#### Information ####
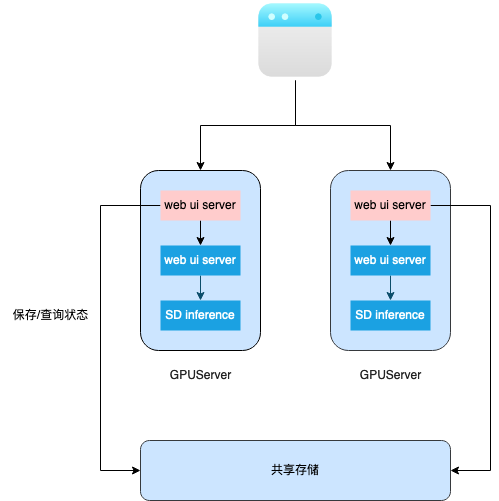

The diagram above was exported from draw.io. Its source (the exported page's mxGraphModel, read from the mxfile embedded in the PNG):
<mxGraphModel dx="2074" dy="1154" grid="1" gridSize="10" guides="1" tooltips="1" connect="1" arrows="1" fold="1" page="1" pageScale="1" pageWidth="827" pageHeight="1169" background="#FFFFFF" math="0" shadow="0">
  <root>
    <mxCell id="0" />
    <mxCell id="1" parent="0" />
    <mxCell id="iuB0OGS_XuYZefyD3wgf-14" value="" style="rounded=1;whiteSpace=wrap;html=1;labelBackgroundColor=none;fillColor=#cce5ff;strokeColor=#36393d;" parent="1" vertex="1">
      <mxGeometry x="370" y="400" width="120" height="180" as="geometry" />
    </mxCell>
    <mxCell id="iuB0OGS_XuYZefyD3wgf-1" value="" style="rounded=1;whiteSpace=wrap;html=1;labelBackgroundColor=none;fillColor=#cce5ff;strokeColor=default;" parent="1" vertex="1">
      <mxGeometry x="180" y="400" width="120" height="180" as="geometry" />
    </mxCell>
    <mxCell id="Mu66-n1H2_13Fjvtvkyg-6" style="edgeStyle=orthogonalEdgeStyle;rounded=0;orthogonalLoop=1;jettySize=auto;html=1;exitX=0.5;exitY=1;exitDx=0;exitDy=0;entryX=0.5;entryY=0;entryDx=0;entryDy=0;" edge="1" parent="1" source="iuB0OGS_XuYZefyD3wgf-4" target="iuB0OGS_XuYZefyD3wgf-1">
      <mxGeometry relative="1" as="geometry" />
    </mxCell>
    <mxCell id="Mu66-n1H2_13Fjvtvkyg-7" style="edgeStyle=orthogonalEdgeStyle;rounded=0;orthogonalLoop=1;jettySize=auto;html=1;exitX=0.5;exitY=1;exitDx=0;exitDy=0;entryX=0.5;entryY=0;entryDx=0;entryDy=0;" edge="1" parent="1" source="iuB0OGS_XuYZefyD3wgf-4" target="iuB0OGS_XuYZefyD3wgf-14">
      <mxGeometry relative="1" as="geometry" />
    </mxCell>
    <mxCell id="iuB0OGS_XuYZefyD3wgf-4" value="" style="shape=image;html=1;verticalAlign=top;verticalLabelPosition=bottom;labelBackgroundColor=#ffffff;imageAspect=0;aspect=fixed;image=https://cdn4.iconfinder.com/data/icons/essentials-72/24/004_-_Website-128.png;strokeColor=#BAC8D3;fontColor=#EEEEEE;fillColor=#09555B;" parent="1" vertex="1">
      <mxGeometry x="295" y="230" width="80" height="80" as="geometry" />
    </mxCell>
    <mxCell id="iuB0OGS_XuYZefyD3wgf-11" style="edgeStyle=orthogonalEdgeStyle;rounded=0;orthogonalLoop=1;jettySize=auto;html=1;exitX=0.5;exitY=1;exitDx=0;exitDy=0;entryX=0.5;entryY=0;entryDx=0;entryDy=0;strokeColor=#0B4D6A;" parent="1" source="iuB0OGS_XuYZefyD3wgf-7" target="iuB0OGS_XuYZefyD3wgf-8" edge="1">
      <mxGeometry relative="1" as="geometry" />
    </mxCell>
    <mxCell id="iuB0OGS_XuYZefyD3wgf-7" value="web ui server" style="whiteSpace=wrap;html=1;strokeColor=none;fillColor=#1ba1e2;fontColor=#ffffff;" parent="1" vertex="1">
      <mxGeometry x="200" y="475" width="80" height="30" as="geometry" />
    </mxCell>
    <mxCell id="iuB0OGS_XuYZefyD3wgf-8" value="SD inference" style="whiteSpace=wrap;html=1;strokeColor=none;fillColor=#1ba1e2;fontColor=#ffffff;" parent="1" vertex="1">
      <mxGeometry x="200" y="530" width="80" height="30" as="geometry" />
    </mxCell>
    <mxCell id="iuB0OGS_XuYZefyD3wgf-12" value="&lt;font color=&quot;#242424&quot;&gt;GPUServer&lt;/font&gt;" style="text;html=1;align=center;verticalAlign=middle;resizable=0;points=[];autosize=1;strokeColor=none;fillColor=none;fontColor=#EEEEEE;sketch=1;curveFitting=1;jiggle=2;" parent="1" vertex="1">
      <mxGeometry x="200" y="590" width="80" height="30" as="geometry" />
    </mxCell>
    <mxCell id="iuB0OGS_XuYZefyD3wgf-15" style="edgeStyle=orthogonalEdgeStyle;rounded=0;orthogonalLoop=1;jettySize=auto;html=1;exitX=0.5;exitY=1;exitDx=0;exitDy=0;entryX=0.5;entryY=0;entryDx=0;entryDy=0;strokeColor=#0B4D6A;" parent="1" source="iuB0OGS_XuYZefyD3wgf-16" target="iuB0OGS_XuYZefyD3wgf-17" edge="1">
      <mxGeometry relative="1" as="geometry" />
    </mxCell>
    <mxCell id="iuB0OGS_XuYZefyD3wgf-16" value="web ui server" style="whiteSpace=wrap;html=1;strokeColor=none;fillColor=#1ba1e2;fontColor=#ffffff;" parent="1" vertex="1">
      <mxGeometry x="390" y="475" width="80" height="30" as="geometry" />
    </mxCell>
    <mxCell id="iuB0OGS_XuYZefyD3wgf-17" value="SD inference" style="whiteSpace=wrap;html=1;strokeColor=none;fillColor=#1ba1e2;fontColor=#ffffff;" parent="1" vertex="1">
      <mxGeometry x="390" y="530" width="80" height="30" as="geometry" />
    </mxCell>
    <mxCell id="iuB0OGS_XuYZefyD3wgf-18" value="&lt;font color=&quot;#242424&quot;&gt;GPUServer&lt;/font&gt;" style="text;html=1;align=center;verticalAlign=middle;resizable=0;points=[];autosize=1;strokeColor=none;fillColor=none;fontColor=#EEEEEE;sketch=1;curveFitting=1;jiggle=2;" parent="1" vertex="1">
      <mxGeometry x="390" y="590" width="80" height="30" as="geometry" />
    </mxCell>
    <mxCell id="Mu66-n1H2_13Fjvtvkyg-4" style="edgeStyle=orthogonalEdgeStyle;rounded=0;orthogonalLoop=1;jettySize=auto;html=1;exitX=0.5;exitY=1;exitDx=0;exitDy=0;entryX=0.5;entryY=0;entryDx=0;entryDy=0;" edge="1" parent="1" source="Mu66-n1H2_13Fjvtvkyg-1" target="iuB0OGS_XuYZefyD3wgf-7">
      <mxGeometry relative="1" as="geometry" />
    </mxCell>
    <mxCell id="Mu66-n1H2_13Fjvtvkyg-9" style="edgeStyle=orthogonalEdgeStyle;rounded=0;orthogonalLoop=1;jettySize=auto;html=1;exitX=0;exitY=0.5;exitDx=0;exitDy=0;entryX=0;entryY=0.5;entryDx=0;entryDy=0;" edge="1" parent="1" source="Mu66-n1H2_13Fjvtvkyg-1" target="Mu66-n1H2_13Fjvtvkyg-8">
      <mxGeometry relative="1" as="geometry">
        <Array as="points">
          <mxPoint x="140" y="435" />
          <mxPoint x="140" y="700" />
        </Array>
      </mxGeometry>
    </mxCell>
    <mxCell id="Mu66-n1H2_13Fjvtvkyg-1" value="web ui server" style="whiteSpace=wrap;html=1;strokeColor=none;fillColor=#ffcccc;" vertex="1" parent="1">
      <mxGeometry x="200" y="420" width="80" height="30" as="geometry" />
    </mxCell>
    <mxCell id="Mu66-n1H2_13Fjvtvkyg-5" style="edgeStyle=orthogonalEdgeStyle;rounded=0;orthogonalLoop=1;jettySize=auto;html=1;exitX=0.5;exitY=1;exitDx=0;exitDy=0;entryX=0.5;entryY=0;entryDx=0;entryDy=0;" edge="1" parent="1" source="Mu66-n1H2_13Fjvtvkyg-3" target="iuB0OGS_XuYZefyD3wgf-16">
      <mxGeometry relative="1" as="geometry" />
    </mxCell>
    <mxCell id="Mu66-n1H2_13Fjvtvkyg-10" style="edgeStyle=orthogonalEdgeStyle;rounded=0;orthogonalLoop=1;jettySize=auto;html=1;exitX=1;exitY=0.5;exitDx=0;exitDy=0;entryX=1;entryY=0.5;entryDx=0;entryDy=0;" edge="1" parent="1" source="Mu66-n1H2_13Fjvtvkyg-3" target="Mu66-n1H2_13Fjvtvkyg-8">
      <mxGeometry relative="1" as="geometry">
        <Array as="points">
          <mxPoint x="530" y="435" />
          <mxPoint x="530" y="700" />
        </Array>
      </mxGeometry>
    </mxCell>
    <mxCell id="Mu66-n1H2_13Fjvtvkyg-3" value="web ui server" style="whiteSpace=wrap;html=1;strokeColor=none;fillColor=#ffcccc;" vertex="1" parent="1">
      <mxGeometry x="390" y="420" width="80" height="30" as="geometry" />
    </mxCell>
    <mxCell id="Mu66-n1H2_13Fjvtvkyg-8" value="共享存储" style="rounded=1;whiteSpace=wrap;html=1;fillColor=#cce5ff;strokeColor=#36393d;" vertex="1" parent="1">
      <mxGeometry x="180" y="670" width="310" height="60" as="geometry" />
    </mxCell>
    <mxCell id="Mu66-n1H2_13Fjvtvkyg-11" value="保存/查询状态" style="text;html=1;align=center;verticalAlign=middle;resizable=0;points=[];autosize=1;strokeColor=none;fillColor=none;" vertex="1" parent="1">
      <mxGeometry x="40" y="530" width="100" height="30" as="geometry" />
    </mxCell>
  </root>
</mxGraphModel>
####
- Exercise goal
With "ffcccc" as the word to match, copy each line of the records that has it.

- The completed task
    <mxCell id="Mu66-n1H2_13Fjvtvkyg-1" value="web ui server" style="whiteSpace=wrap;html=1;strokeColor=none;fillColor=#ffcccc;" vertex="1" parent="1">
    <mxCell id="Mu66-n1H2_13Fjvtvkyg-3" value="web ui server" style="whiteSpace=wrap;html=1;strokeColor=none;fillColor=#ffcccc;" vertex="1" parent="1">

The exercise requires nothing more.